Под конец сессии Синдре спросил, не хотят ли клиенты обсудить с ним еще какие-нибудь проблемы. Он делал это почти каждый раз, и Анна с нетерпением ждала этой возможности поговорить о смерти, Боге и Иисусе с человеком, который знает обо всем этом больше остальных.

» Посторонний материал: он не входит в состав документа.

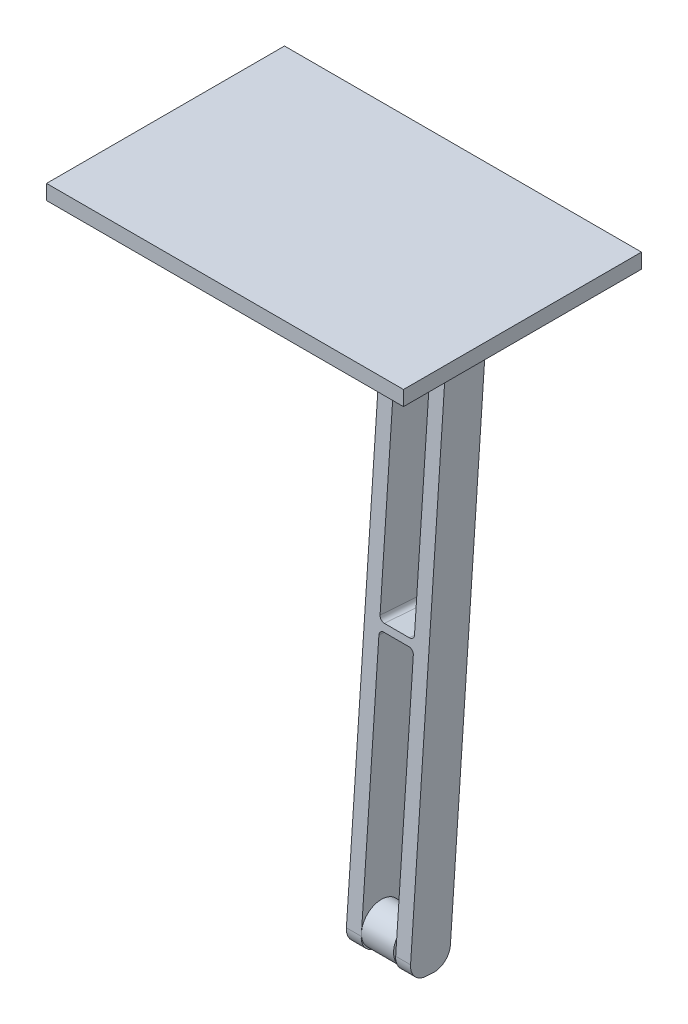
SolidWorks part; units mm, degrees
ref_plane "Front Plane" through (0, 0, 0) normal (0, 0, 1) x (1, 0, 0)
ref_plane "Top Plane" through (0, 0, 0) normal (0, 1, 0) x (1, 0, 0)
ref_plane "Right Plane" through (0, 0, 0) normal (1, 0, 0) x (0, 0, -1)
ref_axis "Axis1" through (-88.99, 0, 0) along (1, 0, 0)
ref_plane "Plane1" through (0, 0, 0) normal (0, 0.0698, 0.9976) x (1, 0, 0)
sketch "Sketch4" plane through (0, 0, 0) normal (0, 0, 1) x (1, 0, 0)
  line L1 (-38.1, 0) -> (38.1, 0)
  line L2 (-38.1, 0) -> (-38.1, 3.175)
  line L3 (-38.1, 3.175) -> (38.1, 3.175)
  line L4 (38.1, 0) -> (38.1, 3.175)
  dimension "D1" = 76.2
  dimension "D2" = 3.175
extrude "Boss-Extrude4" add sketch "Sketch4" along normal blind 50.8
sketch "Sketch5" plane through (0, 0, 0) normal (0, 0.0698, 0.9976) x (1, 0, 0)
  line L0 (-88.99, 0) -> (88.99, 0) construction
  line L1 (-6.8872, 0) -> (-3.7122, 0)
  line L2 (-6.8872, 0) -> (-6.8872, -139.7)
  line L3 (-6.8872, -139.7) -> (-3.7122, -139.7)
  line L4 (-3.7122, 0) -> (-3.7122, -139.7)
  line L5 (3.6378, 0) -> (6.8128, 0)
  line L6 (3.6378, 0) -> (3.6378, -139.7)
  line L7 (3.6378, -139.7) -> (6.8128, -139.7)
  line L8 (6.8128, 0) -> (6.8128, -139.7)
  line L10 (-3.7122, -28.5805) -> (3.6378, -28.5805)
  line L11 (-3.7122, -28.5805) -> (-3.7122, -30.168)
  line L12 (-3.7122, -30.168) -> (3.6378, -30.168)
  line L13 (3.6378, -28.5805) -> (3.6378, -30.168)
  line L14 (-3.7122, -79.6309) -> (3.6378, -79.6309)
  line L15 (-3.7122, -79.6309) -> (-3.7122, -81.2184)
  line L16 (-3.7122, -81.2184) -> (3.6378, -81.2184)
  line L17 (3.6378, -79.6309) -> (3.6378, -81.2184)
  dimension "D1" = 7.35
  dimension "D2" = 3.175
  dimension "D3" = 3.175
  dimension "D4" = 139.7
  dimension "D5" = 1.5875
  dimension "D6" = 1.5875
extrude "Boss-Extrude5" add sketch "Sketch5" along normal blind 8.525 contours L4 L12 L6 L10 | L4 L16 L6 L14 | L2 L3 L4 L1 | L8 L7 L6 L5 region at (-0.0372, -29.3027, 2.049) region at (-0.0372, -80.2288, 5.6101)
sketch "Sketch6" plane through (-3.7122, 0, 0) normal (1, 0, 0) x (0, 0, -1)
  line L1 (-18.2492, -138.765) -> (-9.745, -139.3597) construction
  line L2 (-18.2492, -138.765) -> (-14.1697, -80.4259) construction
  line L3 (-9.745, -139.3597) -> (-5.6655, -81.0206) construction
  circle A0 centre (-13.6998, -134.8102) radius 4.2625
extrude "Boss-Extrude6" add sketch "Sketch6" along normal blind 6.85
fillet "Fillet1" radius 1 14 edges at (6.8128, 0, 4.2729) (-6.8872, 0, 4.2729) (3.6378, 0, 4.2729) (-3.7122, 0, 4.2729) (5.2253, 0, 8.5458) (-5.2997, 0, 8.5458) (3.6378, -79.1396, 9.8069) (3.6378, -80.7233, 9.9176) (-3.7122, -80.7233, 9.9176) (-3.7122, -79.1396, 9.8069) (3.6378, -29.7972, 6.3565) (3.6378, -28.2136, 6.2458) (-3.7122, -28.2136, 6.2458) (-3.7122, -29.7972, 6.3565)
fillet "Fillet2" radius 3.54 4 edges at (5.2253, -138.765, 18.2492) (5.2253, -139.3597, 9.745) (-5.2997, -139.3597, 9.745) (-5.2997, -138.765, 18.2492)

Итак, Юнни остался в гостиной, а Синдре с Анной вышли в спальню, где жила Лилиан Грёнберг, прежде чем переехать к Эве и Петеру Скугам. Притворив за собой дверь, Анна услышала доносившийся из кухни детский крик, – радостный или раздраженный, определить было трудно. Они сели на кровать, Синдре положил руку на бедро Анны и спросил, чувствует ли она это… что-то вроде электрического разряда, неужели нет?
Отрицать означало кривить душой, но Анна добавила, что склонна видеть в этом скорее проверку. Ведь оба они состоят в законном браке и должны противостоять искушению.
Тогда Синдре придвинулся ближе, положил руку ей на грудь и осторожно опрокинул на спину на кровать. Он прижался к ней и сказал, что есть чистая, божественная любовь, которая превыше брака. Это довольно редкое явление, тем не менее… Эротическое притяжение между некоторыми людьми священно. Запустив руку между ее ног, Синдре объяснял, что это не секс в обычном смысле, но исполнение чего-то более высокого, чистого и прекрасного.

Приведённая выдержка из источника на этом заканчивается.